Recently, I completed a project that targeted the ESP32 microcontroller. Unfortunately, things got messy when it came time for my customer to verify the implementation on their end. While I had already figured out the proper system configuration sometime ago to get the source to successfully build on my development machine, I had to remember all the steps for my customer. This resulted in a painful back and forth, and we still couldn’t figure out why my customer couldn’t get the build to work. I then had the idea to use a container to ease the pain. I had been using containers for another open source Linux project and thought it made sense to create a container for my client. Within a few hours, I had a container set up, and the client was able to build the codebase with a few commands. I had previously relegated containers to be used by system administrators and was pleasantly surprised with their capability in providing a self-contained, independent environment for building source code.

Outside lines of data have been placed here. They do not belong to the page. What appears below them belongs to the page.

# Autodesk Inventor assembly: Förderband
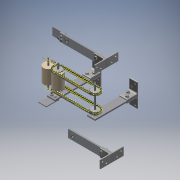
[picture p0: Inventor's stored thumbnail of the model, 180x180]
Saved by Autodesk Inventor 2018 (Build 220112000, 112)
## iProperties
Created: 2018-01-11
Part Number: Förderband
Material: Generisch
Document SubType Name: Assembly
Designer: Dominik
Author: Dominik
## Documents named in this file (10)
- C:\Users\Julian\Desktop\Schule\5AHME\Diplomarbeit\Git\fuettr_prototype\Mechanical\Inventorskizzen\Förderband.iam
- C:\Users\Julian\Desktop\Schule\5AHME\Diplomarbeit\Git\fuettr_prototype\Mechanical\Inventorskizzen\Kettenradzusammensetzung_links.iam
- C:\Users\Julian\Desktop\Schule\5AHME\Diplomarbeit\Git\fuettr_prototype\Mechanical\Inventorskizzen\Förderbandwelle_vorne.ipt
- C:\Users\Julian\Desktop\Schule\5AHME\Diplomarbeit\Git\fuettr_prototype\Mechanical\Inventorskizzen\Förderbandwelle_hinten.ipt
- C:\Users\Julian\Desktop\Schule\5AHME\Diplomarbeit\Git\fuettr_prototype\Mechanical\Inventorskizzen\Kunststoffrolle_antrieb.ipt
- C:\Users\Julian\Desktop\Schule\5AHME\Diplomarbeit\Git\fuettr_prototype\Mechanical\Inventorskizzen\Auspressrolle_befaesstigung.iam
- C:\Users\Julian\Documents\Inventor\Content Center Files\R2018\de-DE\DIN 471(1)\DIN 471 - 8x0,8.ipt
- C:\Users\Julian\Documents\Inventor\Content Center Files\R2018\de-DE\IS 2048  A\IS 2048 - 1983 - Spezifikation für Passfedern und Keilnute A 3 x 3 x 6.ipt
- C:\Users\Julian\Desktop\Schule\5AHME\Diplomarbeit\Git\fuettr_prototype\Mechanical\Inventorskizzen\Lagerhalterung.iam
- C:\Users\Julian\Desktop\Schule\5AHME\Diplomarbeit\Git\fuettr_prototype\Mechanical\Inventorskizzen\Lagerhalterung_ohne_Platte.iam
## Components (26 placed, 9 different names)
1. Kettenradzusammensetzung_links:1 [sub-assembly] — Starr:2, Starr:5, Starr:6, Starr:15
2. Kettenradzusammensetzung_links:2 [sub-assembly] — Starr:1, Starr:4, Starr:13
3. Kunststoffrolle_antrieb:1 — Starr:3, Passend:1
4. Förderbandwelle_hinten:1 — Starr:4, Starr:5, Starr:7, Starr:8, Starr:9, Starr:10, Starr:17
5. Förderbandwelle_vorne:1 — Starr:1, Starr:2, Starr:3, Drehbar:1, Starr:11, Starr:12, Starr:14, Starr:16, Zylindrisch:1, Starr:18
6. Auspressrolle_befaesstigung:1 [sub-assembly] — Zylindrisch:1, Passend:1
7. DIN 471 8x0,8:1 — Starr:7
8. DIN 471 8x0,8:2 — Starr:6
9. DIN 471 8x0,8:3 — Starr:13
10. DIN 471 8x0,8:4
11. DIN 471 8x0,8:5 — Starr:16
12. DIN 471 8x0,8:8
13. DIN 471 8x0,8:6
14. DIN 471 8x0,8:7 — Starr:15
15. DIN 471 8x0,8:9 — Starr:14
16. DIN 471 8x0,8:10
17. DIN 471 8x0,8:11 — Starr:12
18. DIN 471 8x0,8:12 — Starr:8
19. IS 2048 A Spezifikation für Passfedern und Keilnute A 3 x 3 x 6:1 — Drehbar:1
20. IS 2048 A Spezifikation für Passfedern und Keilnute A 3 x 3 x 6:2 — Starr:10
21. IS 2048 A Spezifikation für Passfedern und Keilnute A 3 x 3 x 6:3 — Starr:9
22. IS 2048 A Spezifikation für Passfedern und Keilnute A 3 x 3 x 6:4 — Starr:11
23. Lagerhalterung:1 [sub-assembly]
24. Lagerhalterung:2 [sub-assembly] — Starr:18
25. Lagerhalterung_ohne_Platte:1 [sub-assembly]
26. Lagerhalterung_ohne_Platte:2 [sub-assembly] — Starr:17
## Relationships (21: WeldJoint 18, RevoluteJoint 1, CylindricalJoint 1, Mate 1)
- Starr:1 [WeldJoint]: Kettenradzusammensetzung_links:2 ↔ Förderbandwelle_vorne:1
- Starr:2 [WeldJoint]: Kettenradzusammensetzung_links:1 ↔ Förderbandwelle_vorne:1
- Starr:3 [WeldJoint]: Kunststoffrolle_antrieb:1 ↔ Förderbandwelle_vorne:1
- Starr:4 [WeldJoint]: Kettenradzusammensetzung_links:2 ↔ Förderbandwelle_hinten:1
- Starr:5 [WeldJoint]: Kettenradzusammensetzung_links:1 ↔ Förderbandwelle_hinten:1
- Starr:6 [WeldJoint]: Kettenradzusammensetzung_links:1 ↔ DIN 471 8x0,8:2
- Starr:7 [WeldJoint]: Förderbandwelle_hinten:1 ↔ DIN 471 8x0,8:1
- Starr:8 [WeldJoint]: Förderbandwelle_hinten:1 ↔ DIN 471 8x0,8:12
- Starr:9 [WeldJoint]: Förderbandwelle_hinten:1 ↔ IS 2048 A Spezifikation für Passfedern und Keilnute A 3 x 3 x 6:3
- Starr:10 [WeldJoint]: Förderbandwelle_hinten:1 ↔ IS 2048 A Spezifikation für Passfedern und Keilnute A 3 x 3 x 6:2
- Drehbar:1 [RevoluteJoint]: Förderbandwelle_vorne:1 ↔ IS 2048 A Spezifikation für Passfedern und Keilnute A 3 x 3 x 6:1
- Starr:11 [WeldJoint]: Förderbandwelle_vorne:1 ↔ IS 2048 A Spezifikation für Passfedern und Keilnute A 3 x 3 x 6:4
- Starr:12 [WeldJoint]: Förderbandwelle_vorne:1 ↔ DIN 471 8x0,8:11
- Starr:13 [WeldJoint]: Kettenradzusammensetzung_links:2 ↔ DIN 471 8x0,8:3
- Starr:14 [WeldJoint]: Förderbandwelle_vorne:1 ↔ DIN 471 8x0,8:9
- Starr:15 [WeldJoint]: Kettenradzusammensetzung_links:1 ↔ DIN 471 8x0,8:7
- Starr:16 [WeldJoint]: Förderbandwelle_vorne:1 ↔ DIN 471 8x0,8:5
- Zylindrisch:1 [CylindricalJoint]: Förderbandwelle_vorne:1 ↔ Auspressrolle_befaesstigung:1
- Passend:1 [Mate]: Kunststoffrolle_antrieb:1 ↔ Auspressrolle_befaesstigung:1
- Starr:17 [WeldJoint]: Förderbandwelle_hinten:1 ↔ Lagerhalterung_ohne_Platte:2
- Starr:18 [WeldJoint]: Förderbandwelle_vorne:1 ↔ Lagerhalterung:2
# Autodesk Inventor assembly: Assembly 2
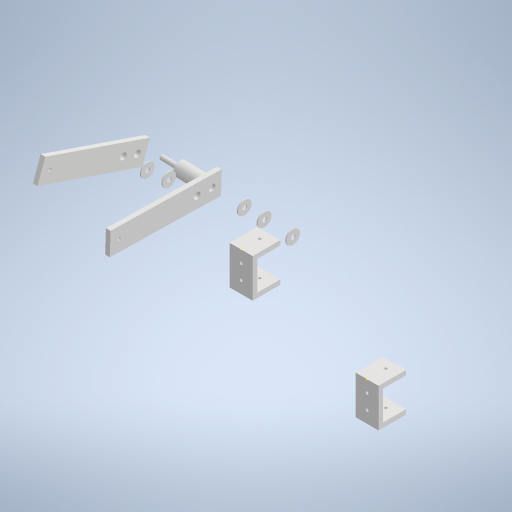
[picture p0: Inventor's stored thumbnail of the model, 512x512]
Saved by Autodesk Inventor 2023 (Build 270158000, 158)
## iProperties
Created: 2022-06-16
Part Number: Assembly 2
Document SubType Name: Assembly
Designer: chait
Author: chait
## Documents named in this file (6)
- D:\Assembly 2.iam
- D:\Screw 5 mm.ipt
- D:\spacer.ipt
- D:\Stationary arm 2.ipt
- D:\Nylon rod.ipt
- D:\clamp.ipt
## Components (13 placed, 5 different names)
1. Screw 5 mm:1 — Mate:1, Flush:1, Mate:2, Mate:3, Mate:4, Mate:5, Mate:6, Mate:7, Mate:8, Mate:9, Mate:10, Mate:11
2. spacer:1
3. spacer:2 — Mate:3, Mate:5, Mate:6, Flush:3, Flush:4
4. spacer:3 — Mate:1, Flush:1, Flush:2, Flush:3
5. spacer:4 — Mate:9
6. spacer:5 — Mate:7
7. spacer:6 — Mate:10
8. spacer:7
9. Stationary arm 2:1 — Mate:2, Flush:2
10. Stationary arm 2:2 — Mate:11
11. Nylon rod:1 — Mate:4, Mate:8, Flush:4
12. clamp:1
13. clamp:2
## Relationships (15: Mate 11, Flush 4)
- Mate:1: Screw 5 mm:1 ↔ spacer:3
- Flush:1: Screw 5 mm:1 ↔ spacer:3
- Mate:2: Screw 5 mm:1 ↔ Stationary arm 2:1
- Flush:2: spacer:3 ↔ Stationary arm 2:1
- Mate:3: Screw 5 mm:1 ↔ spacer:2
- Mate:4: Screw 5 mm:1 ↔ Nylon rod:1
- Mate:5: Screw 5 mm:1 ↔ spacer:2
- Mate:6: Screw 5 mm:1 ↔ spacer:2
- Mate:7: Screw 5 mm:1 ↔ spacer:5
- Mate:8: Screw 5 mm:1 ↔ Nylon rod:1
- Mate:9: Screw 5 mm:1 ↔ spacer:4
- Mate:10: Screw 5 mm:1 ↔ spacer:6
- Mate:11: Screw 5 mm:1 ↔ Stationary arm 2:2
- Flush:3: spacer:2 ↔ spacer:3
- Flush:4: spacer:2 ↔ Nylon rod:1

In this article, we’ll briefly go over what are containers, what goes into setting up a container with specific examples from my experiences, and finally, what value they can provide for customer deliveries. While there are different container technologies and products, this article will focus on Docker.
What Are Containers?
To understand what containers are, let’s consider the alternative, which are virtual machines (VMs). A VM contains all of the necessary SW components to run a self-contained operating system on your host machine, as shown in Figure 1.
Figure 1: Virtual machine’s interaction with the host PC. (Source: Author)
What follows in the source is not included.